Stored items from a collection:
------------------------------------------------------------

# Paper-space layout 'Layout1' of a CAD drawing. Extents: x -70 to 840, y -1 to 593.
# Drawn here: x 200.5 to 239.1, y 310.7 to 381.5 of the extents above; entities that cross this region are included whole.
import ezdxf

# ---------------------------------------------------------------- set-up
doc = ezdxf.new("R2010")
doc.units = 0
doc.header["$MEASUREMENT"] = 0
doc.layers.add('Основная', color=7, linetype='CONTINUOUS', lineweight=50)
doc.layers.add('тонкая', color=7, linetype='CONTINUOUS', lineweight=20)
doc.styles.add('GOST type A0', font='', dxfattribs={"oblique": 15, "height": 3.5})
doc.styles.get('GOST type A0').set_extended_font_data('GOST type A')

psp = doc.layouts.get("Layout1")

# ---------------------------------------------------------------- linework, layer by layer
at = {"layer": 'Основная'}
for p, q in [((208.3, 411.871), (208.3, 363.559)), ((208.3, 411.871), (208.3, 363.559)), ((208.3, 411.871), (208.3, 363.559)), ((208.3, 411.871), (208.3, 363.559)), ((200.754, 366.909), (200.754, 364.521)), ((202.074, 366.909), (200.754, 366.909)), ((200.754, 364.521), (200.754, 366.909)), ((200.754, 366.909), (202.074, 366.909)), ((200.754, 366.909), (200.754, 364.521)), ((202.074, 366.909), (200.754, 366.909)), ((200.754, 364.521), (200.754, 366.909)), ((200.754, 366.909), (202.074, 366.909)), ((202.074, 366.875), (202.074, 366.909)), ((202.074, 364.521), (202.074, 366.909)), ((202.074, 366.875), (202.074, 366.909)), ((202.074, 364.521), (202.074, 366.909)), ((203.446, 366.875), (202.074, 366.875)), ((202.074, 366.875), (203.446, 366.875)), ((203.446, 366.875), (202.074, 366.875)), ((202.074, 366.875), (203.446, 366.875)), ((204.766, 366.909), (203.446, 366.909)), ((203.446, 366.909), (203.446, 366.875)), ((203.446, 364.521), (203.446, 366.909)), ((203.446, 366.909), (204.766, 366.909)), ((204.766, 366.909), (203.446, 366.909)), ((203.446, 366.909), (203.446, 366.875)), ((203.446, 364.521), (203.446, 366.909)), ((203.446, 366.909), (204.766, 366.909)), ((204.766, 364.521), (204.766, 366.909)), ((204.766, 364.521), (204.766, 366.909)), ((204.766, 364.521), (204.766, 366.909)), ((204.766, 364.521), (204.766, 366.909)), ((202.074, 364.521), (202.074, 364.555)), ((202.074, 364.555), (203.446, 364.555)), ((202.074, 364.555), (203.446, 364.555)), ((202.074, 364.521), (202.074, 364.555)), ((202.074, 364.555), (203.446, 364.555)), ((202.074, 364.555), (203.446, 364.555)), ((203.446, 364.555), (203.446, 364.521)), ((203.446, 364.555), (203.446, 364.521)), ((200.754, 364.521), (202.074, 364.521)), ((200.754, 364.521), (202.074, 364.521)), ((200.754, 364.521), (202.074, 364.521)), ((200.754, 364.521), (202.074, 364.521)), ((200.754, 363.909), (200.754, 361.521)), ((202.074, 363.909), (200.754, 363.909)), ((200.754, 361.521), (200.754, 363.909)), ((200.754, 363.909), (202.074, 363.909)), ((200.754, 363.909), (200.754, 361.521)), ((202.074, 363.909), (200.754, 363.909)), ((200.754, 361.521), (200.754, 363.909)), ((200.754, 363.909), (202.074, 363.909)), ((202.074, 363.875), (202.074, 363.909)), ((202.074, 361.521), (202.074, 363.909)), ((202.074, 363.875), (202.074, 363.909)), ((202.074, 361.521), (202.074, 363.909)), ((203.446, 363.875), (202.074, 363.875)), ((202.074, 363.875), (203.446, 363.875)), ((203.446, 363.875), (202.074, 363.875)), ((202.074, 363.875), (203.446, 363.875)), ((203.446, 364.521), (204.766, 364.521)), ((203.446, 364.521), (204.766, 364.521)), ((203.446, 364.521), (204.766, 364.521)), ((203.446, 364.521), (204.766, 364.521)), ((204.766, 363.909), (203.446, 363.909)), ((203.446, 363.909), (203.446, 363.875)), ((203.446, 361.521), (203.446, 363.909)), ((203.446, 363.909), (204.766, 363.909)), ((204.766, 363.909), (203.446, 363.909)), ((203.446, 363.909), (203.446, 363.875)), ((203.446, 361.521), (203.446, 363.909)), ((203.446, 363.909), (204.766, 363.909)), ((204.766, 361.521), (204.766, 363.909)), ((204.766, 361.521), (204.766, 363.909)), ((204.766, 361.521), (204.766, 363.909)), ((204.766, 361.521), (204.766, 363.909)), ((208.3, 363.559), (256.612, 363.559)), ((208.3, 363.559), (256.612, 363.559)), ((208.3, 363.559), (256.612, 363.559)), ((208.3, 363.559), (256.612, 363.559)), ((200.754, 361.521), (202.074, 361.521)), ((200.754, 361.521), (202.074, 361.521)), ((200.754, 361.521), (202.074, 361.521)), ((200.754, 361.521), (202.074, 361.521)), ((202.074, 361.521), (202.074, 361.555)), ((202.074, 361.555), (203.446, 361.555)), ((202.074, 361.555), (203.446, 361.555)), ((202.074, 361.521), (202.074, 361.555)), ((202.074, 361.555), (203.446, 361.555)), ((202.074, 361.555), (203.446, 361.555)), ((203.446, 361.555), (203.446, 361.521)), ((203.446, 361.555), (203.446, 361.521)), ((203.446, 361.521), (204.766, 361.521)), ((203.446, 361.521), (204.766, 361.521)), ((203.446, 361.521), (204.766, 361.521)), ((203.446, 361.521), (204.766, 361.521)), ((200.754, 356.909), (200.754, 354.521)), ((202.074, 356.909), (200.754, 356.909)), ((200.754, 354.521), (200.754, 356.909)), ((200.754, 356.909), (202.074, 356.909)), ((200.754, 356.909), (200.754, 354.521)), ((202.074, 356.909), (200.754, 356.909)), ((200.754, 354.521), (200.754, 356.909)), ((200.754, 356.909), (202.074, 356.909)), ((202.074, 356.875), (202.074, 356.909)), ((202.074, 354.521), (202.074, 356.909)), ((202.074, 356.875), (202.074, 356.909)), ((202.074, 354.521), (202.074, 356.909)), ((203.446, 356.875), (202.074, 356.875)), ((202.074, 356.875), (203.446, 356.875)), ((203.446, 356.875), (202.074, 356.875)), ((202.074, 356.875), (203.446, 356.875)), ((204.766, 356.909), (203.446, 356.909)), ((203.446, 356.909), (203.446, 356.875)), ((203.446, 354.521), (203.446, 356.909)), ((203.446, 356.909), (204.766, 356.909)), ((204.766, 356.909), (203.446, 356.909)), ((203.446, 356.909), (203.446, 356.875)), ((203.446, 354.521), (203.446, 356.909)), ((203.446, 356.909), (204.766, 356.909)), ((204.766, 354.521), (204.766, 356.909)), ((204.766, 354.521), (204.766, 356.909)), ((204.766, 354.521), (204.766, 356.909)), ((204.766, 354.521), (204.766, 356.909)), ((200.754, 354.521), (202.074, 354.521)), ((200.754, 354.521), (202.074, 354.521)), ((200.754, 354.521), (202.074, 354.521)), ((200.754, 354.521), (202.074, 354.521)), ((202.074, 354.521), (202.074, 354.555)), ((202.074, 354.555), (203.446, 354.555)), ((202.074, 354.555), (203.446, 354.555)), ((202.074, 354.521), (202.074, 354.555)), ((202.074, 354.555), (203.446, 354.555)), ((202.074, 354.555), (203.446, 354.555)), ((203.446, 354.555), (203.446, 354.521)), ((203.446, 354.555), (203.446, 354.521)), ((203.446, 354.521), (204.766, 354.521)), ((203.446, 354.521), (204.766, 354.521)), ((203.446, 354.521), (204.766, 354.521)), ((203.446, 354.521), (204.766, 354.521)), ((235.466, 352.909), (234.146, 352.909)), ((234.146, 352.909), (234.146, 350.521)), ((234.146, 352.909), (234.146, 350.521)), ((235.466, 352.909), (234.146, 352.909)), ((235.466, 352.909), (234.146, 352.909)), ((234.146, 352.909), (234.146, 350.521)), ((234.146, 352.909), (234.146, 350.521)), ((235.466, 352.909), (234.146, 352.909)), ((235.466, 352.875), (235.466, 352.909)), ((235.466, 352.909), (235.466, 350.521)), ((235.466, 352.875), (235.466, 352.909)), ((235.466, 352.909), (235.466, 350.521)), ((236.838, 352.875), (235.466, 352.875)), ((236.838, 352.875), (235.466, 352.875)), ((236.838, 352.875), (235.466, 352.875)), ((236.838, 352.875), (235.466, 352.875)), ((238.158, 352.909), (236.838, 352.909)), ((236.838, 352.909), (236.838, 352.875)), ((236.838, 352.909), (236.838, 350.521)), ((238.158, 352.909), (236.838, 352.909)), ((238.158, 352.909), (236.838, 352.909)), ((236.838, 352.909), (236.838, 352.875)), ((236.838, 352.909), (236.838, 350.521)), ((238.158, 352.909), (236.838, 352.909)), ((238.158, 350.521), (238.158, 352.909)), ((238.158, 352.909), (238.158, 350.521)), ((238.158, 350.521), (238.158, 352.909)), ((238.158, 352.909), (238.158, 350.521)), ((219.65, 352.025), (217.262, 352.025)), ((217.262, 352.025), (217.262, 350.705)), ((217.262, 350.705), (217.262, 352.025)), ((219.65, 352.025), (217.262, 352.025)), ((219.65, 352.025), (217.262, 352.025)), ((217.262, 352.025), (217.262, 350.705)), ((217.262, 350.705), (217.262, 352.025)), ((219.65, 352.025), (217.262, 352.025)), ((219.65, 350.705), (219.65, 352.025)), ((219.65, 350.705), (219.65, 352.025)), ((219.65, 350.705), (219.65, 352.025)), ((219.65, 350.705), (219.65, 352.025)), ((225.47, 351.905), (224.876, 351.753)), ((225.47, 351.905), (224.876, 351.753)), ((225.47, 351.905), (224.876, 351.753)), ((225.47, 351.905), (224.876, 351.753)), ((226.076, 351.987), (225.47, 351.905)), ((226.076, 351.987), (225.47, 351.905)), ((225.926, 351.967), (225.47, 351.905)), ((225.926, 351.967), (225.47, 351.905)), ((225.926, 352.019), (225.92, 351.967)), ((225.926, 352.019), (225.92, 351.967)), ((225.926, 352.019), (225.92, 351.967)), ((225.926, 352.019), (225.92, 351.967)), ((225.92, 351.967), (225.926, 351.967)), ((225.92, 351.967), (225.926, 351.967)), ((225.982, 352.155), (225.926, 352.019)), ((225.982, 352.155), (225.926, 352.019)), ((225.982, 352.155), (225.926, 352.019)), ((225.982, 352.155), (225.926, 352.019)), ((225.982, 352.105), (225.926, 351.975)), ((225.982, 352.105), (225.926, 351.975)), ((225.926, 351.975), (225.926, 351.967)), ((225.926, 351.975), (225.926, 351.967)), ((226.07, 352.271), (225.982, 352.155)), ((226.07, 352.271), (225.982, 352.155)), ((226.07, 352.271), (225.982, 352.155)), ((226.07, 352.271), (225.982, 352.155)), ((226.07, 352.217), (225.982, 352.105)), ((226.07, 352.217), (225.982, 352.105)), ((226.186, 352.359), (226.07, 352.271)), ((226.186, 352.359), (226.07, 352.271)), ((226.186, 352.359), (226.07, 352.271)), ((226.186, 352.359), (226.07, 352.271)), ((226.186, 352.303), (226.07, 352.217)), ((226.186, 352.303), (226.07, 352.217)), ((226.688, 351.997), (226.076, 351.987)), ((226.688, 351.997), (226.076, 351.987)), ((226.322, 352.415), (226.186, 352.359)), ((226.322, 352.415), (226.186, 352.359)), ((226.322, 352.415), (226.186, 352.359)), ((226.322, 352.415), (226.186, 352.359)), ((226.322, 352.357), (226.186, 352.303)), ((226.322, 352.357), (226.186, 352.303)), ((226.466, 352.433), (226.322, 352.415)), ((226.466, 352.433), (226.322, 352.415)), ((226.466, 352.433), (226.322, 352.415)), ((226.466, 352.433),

------------------------------------------------------------

Work order: Among the records above, find the lines where the word "CONTINUOUS" appears and copy them.

Answer section:
doc.layers.add('Основная', color=7, linetype='CONTINUOUS', lineweight=50)
doc.layers.add('тонкая', color=7, linetype='CONTINUOUS', lineweight=20)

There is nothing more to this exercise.